Methods. This study was based on population-wide surveillance for beta-hemolytic streptococcal bacteremia in adults. The predisposing factors, clinical presentations and outcome in beta-hemolytic streptococcal bacteremia during the 10-year observation period (1995-2004) in Pirkanmaa, Finland, was studied retrospectively. A case was defined as a positive blood culture for group A, B, C or G beta-hemolytic streptococci. The number of patients was 309 and the number of bacteremia episodes was 314. All risk factors associated with severe disease and mortality were analyzed. S. pyogenes and S. dysgalactiae subsp. equisimilis isolates were emm-typed. Non-typable S. dysgalactiae subsp. equisimilis strains and strains isolated from patients with recurrent GGS bacteremia were characterized using pulsed field gel electrophoresis (PFGE). Isolates of S. pyogenes were superantigen profiled.

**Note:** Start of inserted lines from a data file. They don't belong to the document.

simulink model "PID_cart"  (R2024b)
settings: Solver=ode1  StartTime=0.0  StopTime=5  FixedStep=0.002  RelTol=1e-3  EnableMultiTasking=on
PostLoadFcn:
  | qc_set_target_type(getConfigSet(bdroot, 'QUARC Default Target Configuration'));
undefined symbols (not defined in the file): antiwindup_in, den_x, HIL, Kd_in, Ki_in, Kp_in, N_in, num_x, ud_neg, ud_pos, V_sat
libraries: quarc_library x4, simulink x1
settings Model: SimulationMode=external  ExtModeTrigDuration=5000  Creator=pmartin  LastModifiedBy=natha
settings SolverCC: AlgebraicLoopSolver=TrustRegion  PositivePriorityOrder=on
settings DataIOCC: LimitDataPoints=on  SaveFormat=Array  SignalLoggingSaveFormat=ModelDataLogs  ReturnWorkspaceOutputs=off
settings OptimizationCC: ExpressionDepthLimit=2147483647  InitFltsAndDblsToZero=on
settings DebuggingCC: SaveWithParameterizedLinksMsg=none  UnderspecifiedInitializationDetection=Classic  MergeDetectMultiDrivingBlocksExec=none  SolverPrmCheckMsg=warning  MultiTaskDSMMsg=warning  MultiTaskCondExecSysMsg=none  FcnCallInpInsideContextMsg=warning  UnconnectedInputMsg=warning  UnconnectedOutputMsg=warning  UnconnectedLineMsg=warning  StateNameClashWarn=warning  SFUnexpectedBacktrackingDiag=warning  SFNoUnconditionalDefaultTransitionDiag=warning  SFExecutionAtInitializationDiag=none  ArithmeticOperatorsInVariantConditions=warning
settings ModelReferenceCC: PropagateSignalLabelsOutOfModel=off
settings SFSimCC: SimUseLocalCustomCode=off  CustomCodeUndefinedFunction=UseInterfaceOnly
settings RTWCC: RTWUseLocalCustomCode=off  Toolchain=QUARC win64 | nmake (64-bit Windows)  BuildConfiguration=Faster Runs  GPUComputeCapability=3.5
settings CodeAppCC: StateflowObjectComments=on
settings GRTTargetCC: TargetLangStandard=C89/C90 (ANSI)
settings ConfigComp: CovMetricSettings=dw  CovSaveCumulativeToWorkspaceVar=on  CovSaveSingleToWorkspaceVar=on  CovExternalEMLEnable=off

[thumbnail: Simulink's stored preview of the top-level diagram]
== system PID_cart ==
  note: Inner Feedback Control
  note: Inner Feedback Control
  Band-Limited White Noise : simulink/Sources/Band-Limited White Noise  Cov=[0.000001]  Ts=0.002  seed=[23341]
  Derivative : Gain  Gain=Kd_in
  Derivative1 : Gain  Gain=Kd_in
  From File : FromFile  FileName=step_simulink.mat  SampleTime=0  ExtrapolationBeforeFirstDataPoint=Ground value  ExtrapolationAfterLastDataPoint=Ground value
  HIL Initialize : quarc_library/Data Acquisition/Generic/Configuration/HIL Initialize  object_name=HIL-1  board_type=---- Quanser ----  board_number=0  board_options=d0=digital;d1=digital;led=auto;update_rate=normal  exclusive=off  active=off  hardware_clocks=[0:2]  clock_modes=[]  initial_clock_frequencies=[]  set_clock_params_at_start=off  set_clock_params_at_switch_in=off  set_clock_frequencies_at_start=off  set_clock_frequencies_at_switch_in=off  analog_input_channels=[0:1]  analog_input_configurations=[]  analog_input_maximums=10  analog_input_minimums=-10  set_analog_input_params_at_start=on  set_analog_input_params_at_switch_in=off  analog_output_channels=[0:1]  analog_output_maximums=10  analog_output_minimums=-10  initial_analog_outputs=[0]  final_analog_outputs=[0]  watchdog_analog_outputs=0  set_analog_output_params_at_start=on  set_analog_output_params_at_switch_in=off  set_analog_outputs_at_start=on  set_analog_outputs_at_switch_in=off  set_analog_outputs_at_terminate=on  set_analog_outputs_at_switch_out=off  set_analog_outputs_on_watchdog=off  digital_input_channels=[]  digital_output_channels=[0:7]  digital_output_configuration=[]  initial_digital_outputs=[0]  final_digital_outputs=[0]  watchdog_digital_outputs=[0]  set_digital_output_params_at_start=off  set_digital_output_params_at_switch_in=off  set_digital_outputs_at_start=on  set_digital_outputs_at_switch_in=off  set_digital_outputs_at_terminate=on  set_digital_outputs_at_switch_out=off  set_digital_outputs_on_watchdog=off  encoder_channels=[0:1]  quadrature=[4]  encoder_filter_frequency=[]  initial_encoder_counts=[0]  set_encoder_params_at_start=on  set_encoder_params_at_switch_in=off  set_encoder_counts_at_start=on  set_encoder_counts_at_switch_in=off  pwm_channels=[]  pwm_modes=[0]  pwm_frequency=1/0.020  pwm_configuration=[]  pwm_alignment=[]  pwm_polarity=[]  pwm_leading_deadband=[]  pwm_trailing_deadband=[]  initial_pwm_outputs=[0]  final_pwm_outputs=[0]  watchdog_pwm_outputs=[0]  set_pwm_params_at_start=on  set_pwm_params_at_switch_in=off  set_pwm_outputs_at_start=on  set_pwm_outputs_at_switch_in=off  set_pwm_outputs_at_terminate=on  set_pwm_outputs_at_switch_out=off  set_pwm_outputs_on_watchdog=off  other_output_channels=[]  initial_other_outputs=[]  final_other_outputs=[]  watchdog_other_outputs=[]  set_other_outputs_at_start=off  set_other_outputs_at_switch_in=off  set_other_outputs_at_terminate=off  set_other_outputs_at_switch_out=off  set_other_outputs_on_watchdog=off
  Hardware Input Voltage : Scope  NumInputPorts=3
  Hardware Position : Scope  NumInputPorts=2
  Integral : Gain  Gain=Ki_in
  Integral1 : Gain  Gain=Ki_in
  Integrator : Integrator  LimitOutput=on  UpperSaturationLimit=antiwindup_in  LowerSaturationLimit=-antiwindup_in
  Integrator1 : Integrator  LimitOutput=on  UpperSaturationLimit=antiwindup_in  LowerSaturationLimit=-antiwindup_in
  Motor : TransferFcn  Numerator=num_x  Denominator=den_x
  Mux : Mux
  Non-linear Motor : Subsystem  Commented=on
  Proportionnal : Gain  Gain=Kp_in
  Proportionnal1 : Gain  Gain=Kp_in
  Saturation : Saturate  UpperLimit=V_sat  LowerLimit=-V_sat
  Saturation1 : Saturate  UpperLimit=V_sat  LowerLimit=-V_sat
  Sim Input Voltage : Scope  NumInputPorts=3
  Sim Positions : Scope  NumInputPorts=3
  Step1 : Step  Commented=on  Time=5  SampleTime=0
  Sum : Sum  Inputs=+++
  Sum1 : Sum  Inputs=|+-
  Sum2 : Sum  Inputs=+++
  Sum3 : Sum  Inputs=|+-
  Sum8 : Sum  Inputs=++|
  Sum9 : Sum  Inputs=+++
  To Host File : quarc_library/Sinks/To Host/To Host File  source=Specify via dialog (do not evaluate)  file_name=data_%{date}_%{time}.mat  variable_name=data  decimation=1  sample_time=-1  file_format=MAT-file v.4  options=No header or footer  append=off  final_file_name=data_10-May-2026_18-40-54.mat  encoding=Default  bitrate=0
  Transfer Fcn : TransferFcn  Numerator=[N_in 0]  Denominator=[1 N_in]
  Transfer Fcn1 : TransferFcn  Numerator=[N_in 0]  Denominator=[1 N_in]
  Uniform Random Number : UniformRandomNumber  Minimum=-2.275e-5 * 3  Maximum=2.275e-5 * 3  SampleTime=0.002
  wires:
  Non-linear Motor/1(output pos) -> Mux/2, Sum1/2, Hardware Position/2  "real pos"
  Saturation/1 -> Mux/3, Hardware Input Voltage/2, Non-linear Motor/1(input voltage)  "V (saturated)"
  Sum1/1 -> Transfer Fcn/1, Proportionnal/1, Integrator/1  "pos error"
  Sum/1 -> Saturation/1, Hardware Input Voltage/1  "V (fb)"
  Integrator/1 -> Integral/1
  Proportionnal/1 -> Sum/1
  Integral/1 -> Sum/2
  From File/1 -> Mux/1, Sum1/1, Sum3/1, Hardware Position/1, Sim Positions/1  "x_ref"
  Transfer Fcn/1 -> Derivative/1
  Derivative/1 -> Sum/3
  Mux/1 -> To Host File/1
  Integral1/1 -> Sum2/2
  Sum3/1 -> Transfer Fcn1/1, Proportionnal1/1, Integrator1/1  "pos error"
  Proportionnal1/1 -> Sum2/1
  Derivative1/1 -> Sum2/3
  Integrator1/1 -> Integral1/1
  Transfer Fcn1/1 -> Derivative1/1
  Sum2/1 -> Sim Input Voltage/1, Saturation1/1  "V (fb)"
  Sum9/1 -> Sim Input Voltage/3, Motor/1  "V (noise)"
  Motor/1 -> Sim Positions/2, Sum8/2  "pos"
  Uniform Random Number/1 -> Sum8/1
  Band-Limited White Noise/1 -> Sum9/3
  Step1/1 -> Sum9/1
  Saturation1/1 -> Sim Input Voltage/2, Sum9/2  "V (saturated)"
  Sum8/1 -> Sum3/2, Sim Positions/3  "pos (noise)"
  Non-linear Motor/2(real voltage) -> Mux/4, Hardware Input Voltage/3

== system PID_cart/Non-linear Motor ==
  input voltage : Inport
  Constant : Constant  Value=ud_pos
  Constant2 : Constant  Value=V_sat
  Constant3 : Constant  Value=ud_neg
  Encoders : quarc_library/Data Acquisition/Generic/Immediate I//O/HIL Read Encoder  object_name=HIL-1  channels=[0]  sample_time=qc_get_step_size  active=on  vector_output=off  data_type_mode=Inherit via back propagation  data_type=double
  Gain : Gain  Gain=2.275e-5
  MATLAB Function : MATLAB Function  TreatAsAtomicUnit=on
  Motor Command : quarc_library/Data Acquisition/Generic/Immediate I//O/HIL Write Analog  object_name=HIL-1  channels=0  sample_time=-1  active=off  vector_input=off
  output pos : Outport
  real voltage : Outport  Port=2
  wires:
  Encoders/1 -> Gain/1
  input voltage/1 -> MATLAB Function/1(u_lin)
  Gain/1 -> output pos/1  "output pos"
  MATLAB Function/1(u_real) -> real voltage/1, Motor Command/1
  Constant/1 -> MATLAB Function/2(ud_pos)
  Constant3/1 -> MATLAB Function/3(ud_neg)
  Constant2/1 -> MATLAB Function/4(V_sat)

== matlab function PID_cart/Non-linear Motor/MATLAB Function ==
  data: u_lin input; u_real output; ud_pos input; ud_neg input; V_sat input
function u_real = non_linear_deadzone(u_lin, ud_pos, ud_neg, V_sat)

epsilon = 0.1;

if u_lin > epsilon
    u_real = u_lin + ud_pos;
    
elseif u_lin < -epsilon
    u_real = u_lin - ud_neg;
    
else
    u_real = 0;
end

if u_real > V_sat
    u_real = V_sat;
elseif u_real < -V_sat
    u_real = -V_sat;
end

Results. The incidence of GGS bacteremia increased statistically significantly during the study period (p=0.013). Skin infections as the presenting manifestation were particularly common in patients with GAS and GGS bacteremia. A history of previous cellulitis seemed to be a protecting factor against death (p=0.014). Fever was associated with a good prognosis. Alcoholism, ultimately or rapidly fatal underlying disease, high plasma C-reactive protein (CRP) level and leukopenia on admission predicted a poor outcome. StG480, stG6, stG485, stG643, stC6979, stG166b and stC74a were the seven most common emm types, covering 75 % of S. dysgalactiae subsp. equisimilis isolates. The mortality (p=0.01) and severity of the disease (p=0.001) were higher in S. dysgalactiae subsp. equisimilis bacteremia caused by rare emm types than those caused by common types. Skin and soft-tissue infections such as cellulitis were significantly more frequent clinical manifestations in episodes caused by common than rare types (p=0.007). No association was found between emm type, underlying diseases and disease manifestations of S. pyogenes bacteremia. No association was found between single SAg genes and presenting clinical manifestations of S. pyogenes infections. The putative 26-valent GAS vaccine could have covered 62% of the isolates causing invasive disease in the Pirkanmaa Health District during the study period.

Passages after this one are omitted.